The ion exchange capacity was measured by titration according to a conventional method. The obtained electrolyte membrane was immersed in a 5 × 10 ⁻⁴ molar sodium hydroxide solution, treated for 6 hours at 50 ° C., and the amount of residual sodium hydroxide was determined by neutralization titration with hydrochloric acid. The ion exchange capacity was calculated as the amount of sodium hydroxide consumed. The obtained ion exchange capacity was 4.25 meq / g.

[Comparative Example 1]
13 mL of tetramethoxysilane, 9 mL of distilled water, 5 mL of ethanol, and 7 mL of 0.1 mol / L hydrochloric acid aqueous solution were mixed in a beaker, and the hydrolysis reaction of tetramethoxysilane was allowed to proceed at room temperature for 1 hour, and then this mixed solution The tetramethoxyphosphoric acid 2.0mL was added to, and it stirred for further 1 hour. Thereafter, 10 mL of formamide was further added and stirred for 1 hour, and then the partial polycondensate in the beaker was placed in a plastic container. The polycondensation reaction was allowed to proceed at room temperature for 3 weeks. The polycondensate in the plastic container was taken out and dried, and then sintered at 600 ° C. for 2 hours using a muffle furnace to obtain an electrolyte material by a sol-gel method. The ionic conductivity of this glass was 2 × 10 ⁻³ S / cm. The ion exchange capacity was 1 meq / g.

From the above results, according to the present invention, by using the compound represented by the formula (1), the ionic conductivity is excellent, and the electrolyte membrane can be cured without requiring a hydrolysis reaction by a sol-gel method or the like.

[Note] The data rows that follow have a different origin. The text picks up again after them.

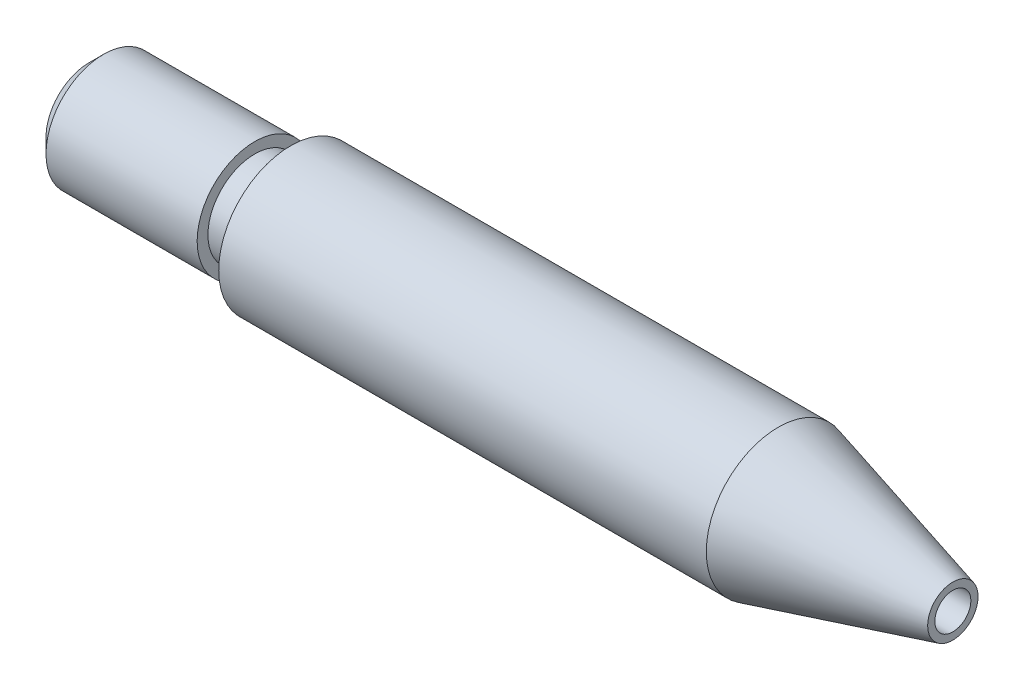
from build123d import *

# Parameters (mm, degrees)
SKETCH_2_R          = 1.75
CUT_EXTRUDE_2_DEPTH = 56
SKETCH_3_R          = 1.25
CUT_EXTRUDE_3_DEPTH = 61.415229868
CHAMFER_1_SIZE      = 1


with BuildPart() as part:
    # 草图1 → 旋转2 (revolve)
    with BuildSketch(Plane.XY, mode=Mode.PRIVATE) as revolve_2_sk:
        Polygon((-8.728334407, 0), (-49.046975166, 0), (-49.046975166, 4), (-37.546975166, 4), (-37.546975166, 3.25), (-35.046975166, 3.25), (-35.046975166, 5), (-1.17614029, 5), (10.953024834, 1.75), (10.953024834, 0), align=None)
    revolve(revolve_2_sk.sketch.rotate(Axis((-15.390186902, 0, 0), (1, 0, 0)), 90), axis=Axis((-15.390186902, 0, 0), (1, 0, 0)))

    # 草图2 → 切除-拉伸2 (cut)
    with BuildSketch(Plane.ZY.offset(49.046975166)):
        Circle(SKETCH_2_R)
    extrude(amount=-CUT_EXTRUDE_2_DEPTH, mode=Mode.SUBTRACT)

    # 草图3 → 切除-拉伸3 (cut, through all)
    with BuildSketch(Plane(origin=(10.953024834, 0, 0), x_dir=(0, 0, -1), z_dir=(1, 0, 0))):
        Circle(SKETCH_3_R)
    extrude(amount=-CUT_EXTRUDE_3_DEPTH, mode=Mode.SUBTRACT)

    # 倒角1
    chamfer_1_edges = [part.edges().sort_by_distance(p)[0] for p in [
        (-49.046975166, 0, -4),
    ]]
    chamfer(chamfer_1_edges, length=CHAMFER_1_SIZE)


solid = part.part

It was confirmed that a simple composition for forming a solid polymer electrolyte membrane can be provided.

Claims (6)

A composition for forming a solid polymer electrolyte membrane, comprising a compound represented by the following general formula (1).

(Wherein R ¹ and R ² are each a hydrogen atom, a fluorine atom or a lower alkyl group having 1 to 4 carbon atoms, R ³ is a hydrogen atom, a fluorine atom or a methyl group, Z is a divalent straight chain, (In the cyclic, alicyclic or bridged alicyclic organic group, some or all of the hydrogen atoms bonded to the carbon atom may be substituted with fluorine atoms.)   A solid polymer electrolyte membrane comprising a cured film obtained by curing the composition for forming a solid polymer electrolyte membrane according to claim 1.   The solid polymer electrolyte membrane according to claim 2, which is cured by irradiation with radiation.   The solid polymer electrolyte membrane according to claim 2, which is cured by heat curing.   5. A fuel cell, wherein the solid polymer electrolyte membrane according to claim 2, 3 or 4 is provided between a fuel electrode and an air electrode. A solid polymer electrolyte membrane comprising a compound represented by the following general formula (1) for curing a solid polymer electrolyte membrane-forming composition by irradiation or heat curing to form a cured membrane. Production method.

(Wherein R ¹ and R ² are each a hydrogen atom, a fluorine atom or a lower alkyl group having 1 to 4 carbon atoms, R ³ is a hydrogen atom, a fluorine atom or a methyl group, Z is a divalent straight chain, (In the cyclic, alicyclic or bridged alicyclic organic group, part or all of the hydrogen atoms bonded to the carbon atom may be substituted with fluorine atoms.)